# jebsens old shipmates



## mick havler (Jan 10, 2009)

looking for kenny page steve ? from romford sailed on the m v brimnes 24/5/77to26 /2/78 also danny price and ian silk sailed on mv spraynes 22/5/78/ to 16/`2/78/ remember that trip very well as my father inlaw joined at a later date and brought the mother inlaw with him father inlaw was fred hunter /bosun also brother inlaw karl who was 12 at the time but never took up the life at sea would like yo hear off the lads off the spraynes as he still remembers the deck crew very well as he was treated as our extra deck boy also any other old ship mates from jebsens years june 1977 through to january 1981


----------



## georgemacleod (Jul 23, 2005)

*jebsens*

Hi Mick, don`t think i sailed with you but shipped out with Jebbies 1977-1989 sailing in Furunes ,Risnes,Ringnes,Borgnes,Sealnes,Spraynes,Sharpnes,Rocknes,Bolnes,Binsnes & Lakenes.
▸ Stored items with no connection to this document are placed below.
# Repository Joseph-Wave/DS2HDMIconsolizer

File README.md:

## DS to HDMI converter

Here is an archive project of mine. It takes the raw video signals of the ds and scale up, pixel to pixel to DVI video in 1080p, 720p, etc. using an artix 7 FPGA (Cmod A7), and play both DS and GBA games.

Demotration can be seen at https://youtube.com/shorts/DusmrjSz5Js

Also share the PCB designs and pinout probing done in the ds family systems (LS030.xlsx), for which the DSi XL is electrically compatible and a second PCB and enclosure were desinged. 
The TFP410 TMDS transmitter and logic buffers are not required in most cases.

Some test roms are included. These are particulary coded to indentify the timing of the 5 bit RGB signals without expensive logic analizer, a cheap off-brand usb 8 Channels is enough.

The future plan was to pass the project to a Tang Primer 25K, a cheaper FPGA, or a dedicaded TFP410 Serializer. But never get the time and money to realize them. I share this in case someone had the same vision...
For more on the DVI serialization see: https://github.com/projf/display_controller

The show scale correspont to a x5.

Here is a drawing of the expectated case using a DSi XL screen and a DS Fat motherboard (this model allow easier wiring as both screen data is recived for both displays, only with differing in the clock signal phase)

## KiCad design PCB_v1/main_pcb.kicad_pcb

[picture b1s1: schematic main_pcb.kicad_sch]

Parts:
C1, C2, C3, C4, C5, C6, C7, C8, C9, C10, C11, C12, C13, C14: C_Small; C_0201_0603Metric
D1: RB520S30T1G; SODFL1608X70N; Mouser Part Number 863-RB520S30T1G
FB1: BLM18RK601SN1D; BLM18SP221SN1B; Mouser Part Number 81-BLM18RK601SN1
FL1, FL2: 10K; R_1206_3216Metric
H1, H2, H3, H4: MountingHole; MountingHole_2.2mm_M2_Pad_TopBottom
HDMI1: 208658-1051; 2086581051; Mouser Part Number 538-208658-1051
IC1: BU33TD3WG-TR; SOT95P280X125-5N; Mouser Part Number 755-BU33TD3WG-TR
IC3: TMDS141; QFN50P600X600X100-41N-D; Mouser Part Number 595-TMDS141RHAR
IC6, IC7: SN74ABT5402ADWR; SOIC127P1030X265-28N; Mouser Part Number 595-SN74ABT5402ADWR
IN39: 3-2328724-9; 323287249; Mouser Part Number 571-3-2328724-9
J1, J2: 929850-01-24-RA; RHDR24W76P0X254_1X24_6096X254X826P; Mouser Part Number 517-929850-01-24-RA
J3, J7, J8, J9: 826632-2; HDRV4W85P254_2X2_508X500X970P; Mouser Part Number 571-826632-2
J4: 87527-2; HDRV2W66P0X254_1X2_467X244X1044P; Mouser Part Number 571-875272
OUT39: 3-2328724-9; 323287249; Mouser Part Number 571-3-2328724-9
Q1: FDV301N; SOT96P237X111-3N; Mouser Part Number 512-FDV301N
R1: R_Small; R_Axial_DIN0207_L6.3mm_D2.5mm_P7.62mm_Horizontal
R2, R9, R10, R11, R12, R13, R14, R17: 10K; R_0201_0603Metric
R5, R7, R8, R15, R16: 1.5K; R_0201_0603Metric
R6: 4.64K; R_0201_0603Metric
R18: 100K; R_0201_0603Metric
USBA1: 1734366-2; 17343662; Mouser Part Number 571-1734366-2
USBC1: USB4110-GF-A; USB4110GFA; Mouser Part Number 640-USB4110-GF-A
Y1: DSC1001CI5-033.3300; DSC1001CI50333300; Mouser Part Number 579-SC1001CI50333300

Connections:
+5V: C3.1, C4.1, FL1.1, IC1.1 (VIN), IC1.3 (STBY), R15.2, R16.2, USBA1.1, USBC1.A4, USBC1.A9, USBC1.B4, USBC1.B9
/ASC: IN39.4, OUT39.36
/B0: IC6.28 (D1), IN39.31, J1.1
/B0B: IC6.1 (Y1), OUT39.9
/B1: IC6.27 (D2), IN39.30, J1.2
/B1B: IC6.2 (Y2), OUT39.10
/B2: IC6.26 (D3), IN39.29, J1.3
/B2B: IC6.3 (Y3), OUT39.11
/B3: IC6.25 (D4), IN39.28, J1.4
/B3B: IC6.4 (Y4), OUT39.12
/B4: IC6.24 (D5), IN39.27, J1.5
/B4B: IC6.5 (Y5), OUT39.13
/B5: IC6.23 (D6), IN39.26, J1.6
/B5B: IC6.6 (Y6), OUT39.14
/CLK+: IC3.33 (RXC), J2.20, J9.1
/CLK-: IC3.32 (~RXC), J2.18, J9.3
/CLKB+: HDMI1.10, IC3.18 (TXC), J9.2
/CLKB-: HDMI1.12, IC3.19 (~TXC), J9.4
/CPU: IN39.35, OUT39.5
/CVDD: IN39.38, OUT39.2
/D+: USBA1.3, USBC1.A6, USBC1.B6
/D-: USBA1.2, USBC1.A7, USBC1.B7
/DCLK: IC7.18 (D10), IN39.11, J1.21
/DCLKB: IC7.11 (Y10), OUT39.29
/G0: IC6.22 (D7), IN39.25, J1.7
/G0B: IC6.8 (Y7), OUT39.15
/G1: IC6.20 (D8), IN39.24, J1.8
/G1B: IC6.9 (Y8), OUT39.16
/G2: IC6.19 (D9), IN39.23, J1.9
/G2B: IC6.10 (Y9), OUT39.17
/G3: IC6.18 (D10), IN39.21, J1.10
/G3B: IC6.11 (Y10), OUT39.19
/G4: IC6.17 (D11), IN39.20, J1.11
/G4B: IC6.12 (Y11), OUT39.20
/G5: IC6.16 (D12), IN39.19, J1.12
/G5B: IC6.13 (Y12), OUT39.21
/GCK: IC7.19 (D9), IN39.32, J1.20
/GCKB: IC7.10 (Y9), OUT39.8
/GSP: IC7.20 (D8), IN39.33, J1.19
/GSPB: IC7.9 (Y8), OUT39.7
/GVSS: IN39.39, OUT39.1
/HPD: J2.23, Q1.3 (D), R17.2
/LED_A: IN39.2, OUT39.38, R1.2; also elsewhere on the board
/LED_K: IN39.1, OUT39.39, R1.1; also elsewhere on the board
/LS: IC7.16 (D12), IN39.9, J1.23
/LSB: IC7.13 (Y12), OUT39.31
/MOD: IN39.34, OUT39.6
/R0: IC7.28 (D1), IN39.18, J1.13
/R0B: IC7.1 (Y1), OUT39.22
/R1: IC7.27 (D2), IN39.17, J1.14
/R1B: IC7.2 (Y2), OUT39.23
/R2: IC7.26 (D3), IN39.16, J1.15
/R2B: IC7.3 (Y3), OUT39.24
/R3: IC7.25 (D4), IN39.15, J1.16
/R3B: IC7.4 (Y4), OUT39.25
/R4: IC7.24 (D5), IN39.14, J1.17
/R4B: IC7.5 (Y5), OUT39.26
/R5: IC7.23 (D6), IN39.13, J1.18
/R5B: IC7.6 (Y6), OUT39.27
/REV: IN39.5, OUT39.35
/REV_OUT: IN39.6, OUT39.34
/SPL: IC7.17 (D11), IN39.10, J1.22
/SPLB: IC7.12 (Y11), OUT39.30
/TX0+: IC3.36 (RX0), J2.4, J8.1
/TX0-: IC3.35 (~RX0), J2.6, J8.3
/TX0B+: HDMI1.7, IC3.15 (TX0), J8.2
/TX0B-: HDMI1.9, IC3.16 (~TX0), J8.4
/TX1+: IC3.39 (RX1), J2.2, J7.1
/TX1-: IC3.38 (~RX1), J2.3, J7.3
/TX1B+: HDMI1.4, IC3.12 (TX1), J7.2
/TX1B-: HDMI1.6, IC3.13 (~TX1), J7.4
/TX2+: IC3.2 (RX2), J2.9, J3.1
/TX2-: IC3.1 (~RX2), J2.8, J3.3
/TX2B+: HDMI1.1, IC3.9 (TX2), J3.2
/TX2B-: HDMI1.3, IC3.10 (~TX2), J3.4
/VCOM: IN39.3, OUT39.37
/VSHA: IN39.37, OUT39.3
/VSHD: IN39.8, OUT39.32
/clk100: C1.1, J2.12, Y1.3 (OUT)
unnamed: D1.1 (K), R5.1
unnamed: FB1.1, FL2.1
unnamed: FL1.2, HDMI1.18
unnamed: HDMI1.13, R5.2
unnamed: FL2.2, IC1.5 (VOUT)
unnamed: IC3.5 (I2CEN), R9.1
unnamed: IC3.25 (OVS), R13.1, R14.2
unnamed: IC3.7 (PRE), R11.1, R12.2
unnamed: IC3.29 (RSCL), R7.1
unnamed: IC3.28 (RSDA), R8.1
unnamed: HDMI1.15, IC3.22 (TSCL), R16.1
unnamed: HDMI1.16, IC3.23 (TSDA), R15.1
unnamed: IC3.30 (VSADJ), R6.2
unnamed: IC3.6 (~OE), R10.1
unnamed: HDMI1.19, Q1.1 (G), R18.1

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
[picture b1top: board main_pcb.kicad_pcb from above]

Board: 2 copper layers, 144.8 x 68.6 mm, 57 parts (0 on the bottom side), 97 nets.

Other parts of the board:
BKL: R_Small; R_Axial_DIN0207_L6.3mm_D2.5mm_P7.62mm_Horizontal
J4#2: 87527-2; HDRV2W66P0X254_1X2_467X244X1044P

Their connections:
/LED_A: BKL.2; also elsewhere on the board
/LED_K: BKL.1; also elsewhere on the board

Looking at my discharge book, i sailed in Bolnes six times!


----------



## shanksy (Dec 14, 2007)

Hi Mick, Good site eh! hope you find your buddy,s


----------



## Enri (Jun 24, 2008)

Hi George,
I joined jebsens in Feb 77, and stayed until 85 or 6, (can't remember without checking my discharge books), before moving on to Buries Markes.
Furunes, Risnes, Saltnes, Sealnes, Rocknes Borgnes, Loftnes, Firmnes, are the ones I remember being on, (again without checking). Furunes the first and Firmnes the last, the others inbetween and some more than once.


----------



## clearway1 (Nov 11, 2009)

anybody from the tenax days old binsness and baynes 1970/71


----------



## John Adamson (Sep 7, 2005)

Yes, joined the Leknes in November 69 as 3rd Mate, first ship I had been on with bridge engin control. Joined the Baynes in June 71, on the Poland - Rouen coal run. 

John


----------



## clearway1 (Nov 11, 2009)

John Adamson said:


> Yes, joined the Leknes in November 69 as 3rd Mate, first ship I had been on with bridge engin control. Joined the Baynes in June 71, on the Poland - Rouen coal run.
> 
> John


hi john joined baynes in 1970 first trip april, and binsnes brand new from greenock on clyde 1970/71 both world wide trips cat/boy gp


----------